[Problem to solve]
Copy exactly, please, each line of the data below until the line that contains "Ramjet : Subsystem" has been copied, beginning at the top.

[Records provided]
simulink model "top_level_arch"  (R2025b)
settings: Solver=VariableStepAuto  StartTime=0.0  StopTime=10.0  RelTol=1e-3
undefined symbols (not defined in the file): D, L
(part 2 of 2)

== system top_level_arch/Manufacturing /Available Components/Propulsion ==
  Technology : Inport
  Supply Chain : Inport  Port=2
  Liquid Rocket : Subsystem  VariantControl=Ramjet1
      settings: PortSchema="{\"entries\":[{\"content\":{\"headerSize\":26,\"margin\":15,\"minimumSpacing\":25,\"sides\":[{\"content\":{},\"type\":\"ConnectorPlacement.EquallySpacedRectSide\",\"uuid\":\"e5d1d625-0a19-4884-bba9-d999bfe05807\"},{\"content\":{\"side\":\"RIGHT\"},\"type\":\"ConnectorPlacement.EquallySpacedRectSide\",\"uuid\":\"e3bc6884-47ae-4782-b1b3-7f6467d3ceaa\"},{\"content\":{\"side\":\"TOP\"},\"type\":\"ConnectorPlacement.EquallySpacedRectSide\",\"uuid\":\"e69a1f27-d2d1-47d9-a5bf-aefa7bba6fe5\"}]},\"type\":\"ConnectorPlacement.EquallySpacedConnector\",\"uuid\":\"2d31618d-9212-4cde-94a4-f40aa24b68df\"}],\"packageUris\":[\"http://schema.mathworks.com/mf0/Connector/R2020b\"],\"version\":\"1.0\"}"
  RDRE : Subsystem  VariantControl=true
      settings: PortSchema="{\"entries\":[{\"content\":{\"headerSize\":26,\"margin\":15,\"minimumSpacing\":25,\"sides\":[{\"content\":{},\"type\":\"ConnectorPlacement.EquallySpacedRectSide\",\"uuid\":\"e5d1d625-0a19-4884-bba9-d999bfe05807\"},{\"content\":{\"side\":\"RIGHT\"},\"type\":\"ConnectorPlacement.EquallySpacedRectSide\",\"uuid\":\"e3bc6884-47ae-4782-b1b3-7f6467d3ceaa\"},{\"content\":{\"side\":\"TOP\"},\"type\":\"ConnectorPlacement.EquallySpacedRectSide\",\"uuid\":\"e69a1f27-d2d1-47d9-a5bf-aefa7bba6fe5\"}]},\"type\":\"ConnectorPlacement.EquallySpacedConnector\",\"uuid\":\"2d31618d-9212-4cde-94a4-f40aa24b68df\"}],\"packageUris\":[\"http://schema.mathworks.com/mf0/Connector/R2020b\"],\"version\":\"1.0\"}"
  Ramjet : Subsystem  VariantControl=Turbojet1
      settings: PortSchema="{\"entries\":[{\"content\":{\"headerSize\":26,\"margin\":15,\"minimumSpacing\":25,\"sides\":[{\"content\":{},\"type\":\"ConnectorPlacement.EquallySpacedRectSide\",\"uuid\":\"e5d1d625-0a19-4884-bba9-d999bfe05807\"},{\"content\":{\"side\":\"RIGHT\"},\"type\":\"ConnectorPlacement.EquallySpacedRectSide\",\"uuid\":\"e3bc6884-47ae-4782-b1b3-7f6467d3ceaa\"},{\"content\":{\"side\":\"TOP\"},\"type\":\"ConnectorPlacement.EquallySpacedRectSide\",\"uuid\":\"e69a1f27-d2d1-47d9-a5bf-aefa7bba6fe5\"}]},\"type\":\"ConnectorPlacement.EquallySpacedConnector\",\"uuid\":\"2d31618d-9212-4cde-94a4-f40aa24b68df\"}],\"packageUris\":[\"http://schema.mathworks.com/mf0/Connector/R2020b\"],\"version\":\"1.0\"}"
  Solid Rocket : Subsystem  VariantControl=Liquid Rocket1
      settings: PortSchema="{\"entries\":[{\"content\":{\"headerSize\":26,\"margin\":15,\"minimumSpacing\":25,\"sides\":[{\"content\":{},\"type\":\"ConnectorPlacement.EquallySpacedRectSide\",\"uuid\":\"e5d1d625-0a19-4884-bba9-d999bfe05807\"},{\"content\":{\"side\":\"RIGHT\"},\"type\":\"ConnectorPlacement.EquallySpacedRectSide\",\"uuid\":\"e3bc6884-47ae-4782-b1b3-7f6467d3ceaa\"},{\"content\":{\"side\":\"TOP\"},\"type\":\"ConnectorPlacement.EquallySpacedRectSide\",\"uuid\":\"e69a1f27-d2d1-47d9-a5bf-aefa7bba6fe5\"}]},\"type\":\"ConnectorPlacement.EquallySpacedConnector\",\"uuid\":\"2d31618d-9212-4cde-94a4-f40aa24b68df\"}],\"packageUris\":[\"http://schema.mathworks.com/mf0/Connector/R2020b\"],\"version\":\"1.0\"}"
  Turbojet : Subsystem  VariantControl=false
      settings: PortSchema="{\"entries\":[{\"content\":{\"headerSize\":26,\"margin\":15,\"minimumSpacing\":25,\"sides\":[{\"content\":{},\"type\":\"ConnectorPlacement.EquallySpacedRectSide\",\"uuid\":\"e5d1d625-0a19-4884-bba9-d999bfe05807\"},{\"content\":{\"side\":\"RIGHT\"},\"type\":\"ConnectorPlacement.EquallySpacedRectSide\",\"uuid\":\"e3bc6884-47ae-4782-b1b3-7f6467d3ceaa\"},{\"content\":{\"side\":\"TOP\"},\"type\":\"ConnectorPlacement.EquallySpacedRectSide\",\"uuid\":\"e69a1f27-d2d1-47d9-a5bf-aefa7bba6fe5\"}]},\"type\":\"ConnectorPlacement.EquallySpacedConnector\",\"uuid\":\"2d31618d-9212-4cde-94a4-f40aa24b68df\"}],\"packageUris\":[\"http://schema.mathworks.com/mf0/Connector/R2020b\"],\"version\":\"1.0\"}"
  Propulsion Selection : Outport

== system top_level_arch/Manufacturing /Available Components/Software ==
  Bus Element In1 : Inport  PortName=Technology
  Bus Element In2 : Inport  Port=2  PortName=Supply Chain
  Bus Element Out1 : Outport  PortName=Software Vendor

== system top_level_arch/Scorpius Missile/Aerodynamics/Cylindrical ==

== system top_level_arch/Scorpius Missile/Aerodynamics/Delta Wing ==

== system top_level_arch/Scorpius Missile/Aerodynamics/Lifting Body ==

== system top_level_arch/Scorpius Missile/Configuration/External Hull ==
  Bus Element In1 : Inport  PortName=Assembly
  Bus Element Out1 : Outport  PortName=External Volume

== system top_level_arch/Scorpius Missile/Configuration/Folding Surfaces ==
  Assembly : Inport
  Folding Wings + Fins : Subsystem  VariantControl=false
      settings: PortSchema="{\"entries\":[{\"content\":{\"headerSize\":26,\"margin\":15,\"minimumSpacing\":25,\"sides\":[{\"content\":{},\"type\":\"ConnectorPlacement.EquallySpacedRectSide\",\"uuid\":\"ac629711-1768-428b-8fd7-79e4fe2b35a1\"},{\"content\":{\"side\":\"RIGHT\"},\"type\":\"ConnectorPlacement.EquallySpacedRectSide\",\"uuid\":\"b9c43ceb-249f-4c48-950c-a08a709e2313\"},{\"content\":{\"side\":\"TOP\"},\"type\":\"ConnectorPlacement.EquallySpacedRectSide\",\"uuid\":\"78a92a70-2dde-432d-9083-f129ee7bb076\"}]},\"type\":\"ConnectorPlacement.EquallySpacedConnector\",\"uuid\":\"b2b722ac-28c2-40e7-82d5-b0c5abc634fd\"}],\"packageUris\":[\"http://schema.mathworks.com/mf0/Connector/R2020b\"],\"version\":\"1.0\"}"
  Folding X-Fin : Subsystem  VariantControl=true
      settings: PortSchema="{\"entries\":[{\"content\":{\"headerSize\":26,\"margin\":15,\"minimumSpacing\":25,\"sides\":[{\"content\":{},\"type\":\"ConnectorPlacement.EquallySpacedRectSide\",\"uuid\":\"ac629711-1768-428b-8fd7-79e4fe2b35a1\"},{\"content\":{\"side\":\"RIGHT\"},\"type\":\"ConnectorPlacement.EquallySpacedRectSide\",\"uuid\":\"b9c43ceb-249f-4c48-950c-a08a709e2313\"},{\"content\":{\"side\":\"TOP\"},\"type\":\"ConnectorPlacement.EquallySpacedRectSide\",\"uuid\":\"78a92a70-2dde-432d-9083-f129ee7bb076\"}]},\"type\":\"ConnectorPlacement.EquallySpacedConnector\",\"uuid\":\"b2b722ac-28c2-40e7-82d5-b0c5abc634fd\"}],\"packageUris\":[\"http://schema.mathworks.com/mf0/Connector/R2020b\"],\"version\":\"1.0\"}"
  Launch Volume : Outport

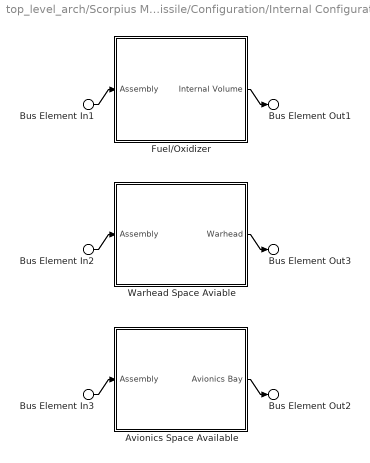
== system top_level_arch/Scorpius Missile/Configuration/Internal Configuration ==
  Bus Element In1 : Inport  PortName=Assembly
  Bus Element In2 : Inport  PortName=Assembly
  Bus Element In3 : Inport  PortName=Assembly
  Avionics Space Available : Subsystem
      settings: PortSchema="{\"entries\":[{\"content\":{\"headerSize\":26,\"margin\":15,\"minimumSpacing\":25,\"sides\":[{\"content\":{\"connectorIds\":[\"In1\"]},\"type\":\"ConnectorPlacement.EquallySpacedRectSide\",\"uuid\":\"dbfe6f62-bd81-4f2f-bf4a-ff0fc2c1733e\"},{\"content\":{\"connectorIds\":[\"Out1\"],\"side\":\"RIGHT\"},\"type\":\"ConnectorPlacement.EquallySpacedRectSide\",\"uuid\":\"15bb1ddd-14b3-4afc-89a1-8972fd4dab01\"},{\"content\":{\"side\":\"TOP\"},\"type\":\"ConnectorPlacement.EquallySpacedRectSide\",\"uuid\":\"d6068651-eb1a-4d26-9e8b-0135dded722b\"}]},\"type\":\"ConnectorPlacement.EquallySpacedConnector\",\"uuid\":\"074be2fd-c315-4aa4-8fc0-0402952ab401\"}],\"packageUris\":[\"http://schema.mathworks.com/mf0/Connector/R2020b\"],\"version\":\"1.0\"}"
  Fuel/Oxidizer : Subsystem
      settings: PortSchema="{\"entries\":[{\"content\":{\"headerSize\":26,\"margin\":15,\"minimumSpacing\":25,\"sides\":[{\"content\":{\"connectorIds\":[\"In1\"]},\"type\":\"ConnectorPlacement.EquallySpacedRectSide\",\"uuid\":\"dbfe6f62-bd81-4f2f-bf4a-ff0fc2c1733e\"},{\"content\":{\"connectorIds\":[\"Out1\"],\"side\":\"RIGHT\"},\"type\":\"ConnectorPlacement.EquallySpacedRectSide\",\"uuid\":\"15bb1ddd-14b3-4afc-89a1-8972fd4dab01\"},{\"content\":{\"side\":\"TOP\"},\"type\":\"ConnectorPlacement.EquallySpacedRectSide\",\"uuid\":\"d6068651-eb1a-4d26-9e8b-0135dded722b\"}]},\"type\":\"ConnectorPlacement.EquallySpacedConnector\",\"uuid\":\"074be2fd-c315-4aa4-8fc0-0402952ab401\"}],\"packageUris\":[\"http://schema.mathworks.com/mf0/Connector/R2020b\"],\"version\":\"1.0\"}"
  Warhead Space Aviable : Subsystem
      settings: PortSchema="{\"entries\":[{\"content\":{\"headerSize\":26,\"margin\":15,\"minimumSpacing\":25,\"sides\":[{\"content\":{\"connectorIds\":[\"In1\"]},\"type\":\"ConnectorPlacement.EquallySpacedRectSide\",\"uuid\":\"dbfe6f62-bd81-4f2f-bf4a-ff0fc2c1733e\"},{\"content\":{\"connectorIds\":[\"Out1\"],\"side\":\"RIGHT\"},\"type\":\"ConnectorPlacement.EquallySpacedRectSide\",\"uuid\":\"15bb1ddd-14b3-4afc-89a1-8972fd4dab01\"},{\"content\":{\"side\":\"TOP\"},\"type\":\"ConnectorPlacement.EquallySpacedRectSide\",\"uuid\":\"d6068651-eb1a-4d26-9e8b-0135dded722b\"}]},\"type\":\"ConnectorPlacement.EquallySpacedConnector\",\"uuid\":\"074be2fd-c315-4aa4-8fc0-0402952ab401\"}],\"packageUris\":[\"http://schema.mathworks.com/mf0/Connector/R2020b\"],\"version\":\"1.0\"}"
  Bus Element Out1 : Outport  PortName=Internal Volume
  Bus Element Out3 : Outport  Port=2  PortName=Warhead
  Bus Element Out2 : Outport  Port=3  PortName=Avionics Bay
  wires:
  Bus Element In1/1 -> Fuel/Oxidizer/1(Assembly)
  Bus Element In2/1 -> Warhead Space Aviable/1(Assembly)
  Bus Element In3/1 -> Avionics Space Available/1(Assembly)
  Fuel/Oxidizer/1(Internal Volume) -> Bus Element Out1/1
  Warhead Space Aviable/1(Warhead) -> Bus Element Out3/1
  Avionics Space Available/1(Avionics Bay) -> Bus Element Out2/1

== system top_level_arch/Scorpius Missile/Propulsion/Fuel//Oxidizer Tank ==
  Bus Element In1 : Inport  PortName=Internal Volume
  Bus Element Out1 : Outport  PortName=Fuel Capacity

== system top_level_arch/Scorpius Missile/Propulsion/RDRE ==
  Bus Element In1 : Inport  PortName=Fuel Capacity
  Bus Element Out2 : Outport  PortName=Supersonic Cruise
  Bus Element Out1 : Outport  Port=2  PortName=Fuel Consumption
  Bus Element Out3 : Outport  Port=3  PortName=Thrust

== system top_level_arch/Scorpius Missile/Trajectory/Approach ==
  Avionics Bay : Inport
  L/D : Inport  Port=2
  Range : Inport  Port=3
  Direct Dive : Subsystem  VariantControl=true  mask{DiveRange=[]}
      settings: PortSchema="{\"entries\":[{\"content\":{\"headerSize\":26,\"margin\":15,\"minimumSpacing\":25,\"sides\":[{\"content\":{},\"type\":\"ConnectorPlacement.EquallySpacedRectSide\",\"uuid\":\"ac629711-1768-428b-8fd7-79e4fe2b35a1\"},{\"content\":{\"side\":\"RIGHT\"},\"type\":\"ConnectorPlacement.EquallySpacedRectSide\",\"uuid\":\"b9c43ceb-249f-4c48-950c-a08a709e2313\"},{\"content\":{\"side\":\"TOP\"},\"type\":\"ConnectorPlacement.EquallySpacedRectSide\",\"uuid\":\"78a92a70-2dde-432d-9083-f129ee7bb076\"}]},\"type\":\"ConnectorPlacement.EquallySpacedConnector\",\"uuid\":\"b2b722ac-28c2-40e7-82d5-b0c5abc634fd\"}],\"packageUris\":[\"http://schema.mathworks.com/mf0/Connector/R2020b\"],\"version\":\"1.0\"}"
  Low Level Ingress : Subsystem  VariantControl=false  mask{LLIRange=[]}
      settings: PortSchema="{\"entries\":[{\"content\":{\"headerSize\":26,\"margin\":15,\"minimumSpacing\":25,\"sides\":[{\"content\":{},\"type\":\"ConnectorPlacement.EquallySpacedRectSide\",\"uuid\":\"ac629711-1768-428b-8fd7-79e4fe2b35a1\"},{\"content\":{\"side\":\"RIGHT\"},\"type\":\"ConnectorPlacement.EquallySpacedRectSide\",\"uuid\":\"b9c43ceb-249f-4c48-950c-a08a709e2313\"},{\"content\":{\"side\":\"TOP\"},\"type\":\"ConnectorPlacement.EquallySpacedRectSide\",\"uuid\":\"78a92a70-2dde-432d-9083-f129ee7bb076\"}]},\"type\":\"ConnectorPlacement.EquallySpacedConnector\",\"uuid\":\"b2b722ac-28c2-40e7-82d5-b0c5abc634fd\"}],\"packageUris\":[\"http://schema.mathworks.com/mf0/Connector/R2020b\"],\"version\":\"1.0\"}"
  Approach Phase : Outport
  Target Approach : Outport  Port=2

== system top_level_arch/Scorpius Missile/Trajectory/Climb ==
  Bus Element In1 : Inport  PortName=L/D
  Bus Element In2 : Inport  Port=2  PortName=Range
  Bus Element In3 : Inport  Port=3  PortName=Thrust
  Bus Element Out1 : Outport  PortName=Climb Phase

== system top_level_arch/Scorpius Missile/Trajectory/Cruise ==
  Bus Element In1 : Inport  PortName=L/D
  Bus Element In2 : Inport  Port=2  PortName=Range
  Bus Element In3 : Inport  Port=3  PortName=Thrust
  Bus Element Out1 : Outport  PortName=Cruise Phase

[Result of this task]
simulink model "top_level_arch"  (R2025b)
settings: Solver=VariableStepAuto  StartTime=0.0  StopTime=10.0  RelTol=1e-3
undefined symbols (not defined in the file): D, L
(part 2 of 2)

== system top_level_arch/Manufacturing /Available Components/Propulsion ==
  Technology : Inport
  Supply Chain : Inport  Port=2
  Liquid Rocket : Subsystem  VariantControl=Ramjet1
      settings: PortSchema="{\"entries\":[{\"content\":{\"headerSize\":26,\"margin\":15,\"minimumSpacing\":25,\"sides\":[{\"content\":{},\"type\":\"ConnectorPlacement.EquallySpacedRectSide\",\"uuid\":\"e5d1d625-0a19-4884-bba9-d999bfe05807\"},{\"content\":{\"side\":\"RIGHT\"},\"type\":\"ConnectorPlacement.EquallySpacedRectSide\",\"uuid\":\"e3bc6884-47ae-4782-b1b3-7f6467d3ceaa\"},{\"content\":{\"side\":\"TOP\"},\"type\":\"ConnectorPlacement.EquallySpacedRectSide\",\"uuid\":\"e69a1f27-d2d1-47d9-a5bf-aefa7bba6fe5\"}]},\"type\":\"ConnectorPlacement.EquallySpacedConnector\",\"uuid\":\"2d31618d-9212-4cde-94a4-f40aa24b68df\"}],\"packageUris\":[\"http://schema.mathworks.com/mf0/Connector/R2020b\"],\"version\":\"1.0\"}"
  RDRE : Subsystem  VariantControl=true
      settings: PortSchema="{\"entries\":[{\"content\":{\"headerSize\":26,\"margin\":15,\"minimumSpacing\":25,\"sides\":[{\"content\":{},\"type\":\"ConnectorPlacement.EquallySpacedRectSide\",\"uuid\":\"e5d1d625-0a19-4884-bba9-d999bfe05807\"},{\"content\":{\"side\":\"RIGHT\"},\"type\":\"ConnectorPlacement.EquallySpacedRectSide\",\"uuid\":\"e3bc6884-47ae-4782-b1b3-7f6467d3ceaa\"},{\"content\":{\"side\":\"TOP\"},\"type\":\"ConnectorPlacement.EquallySpacedRectSide\",\"uuid\":\"e69a1f27-d2d1-47d9-a5bf-aefa7bba6fe5\"}]},\"type\":\"ConnectorPlacement.EquallySpacedConnector\",\"uuid\":\"2d31618d-9212-4cde-94a4-f40aa24b68df\"}],\"packageUris\":[\"http://schema.mathworks.com/mf0/Connector/R2020b\"],\"version\":\"1.0\"}"
  Ramjet : Subsystem  VariantControl=Turbojet1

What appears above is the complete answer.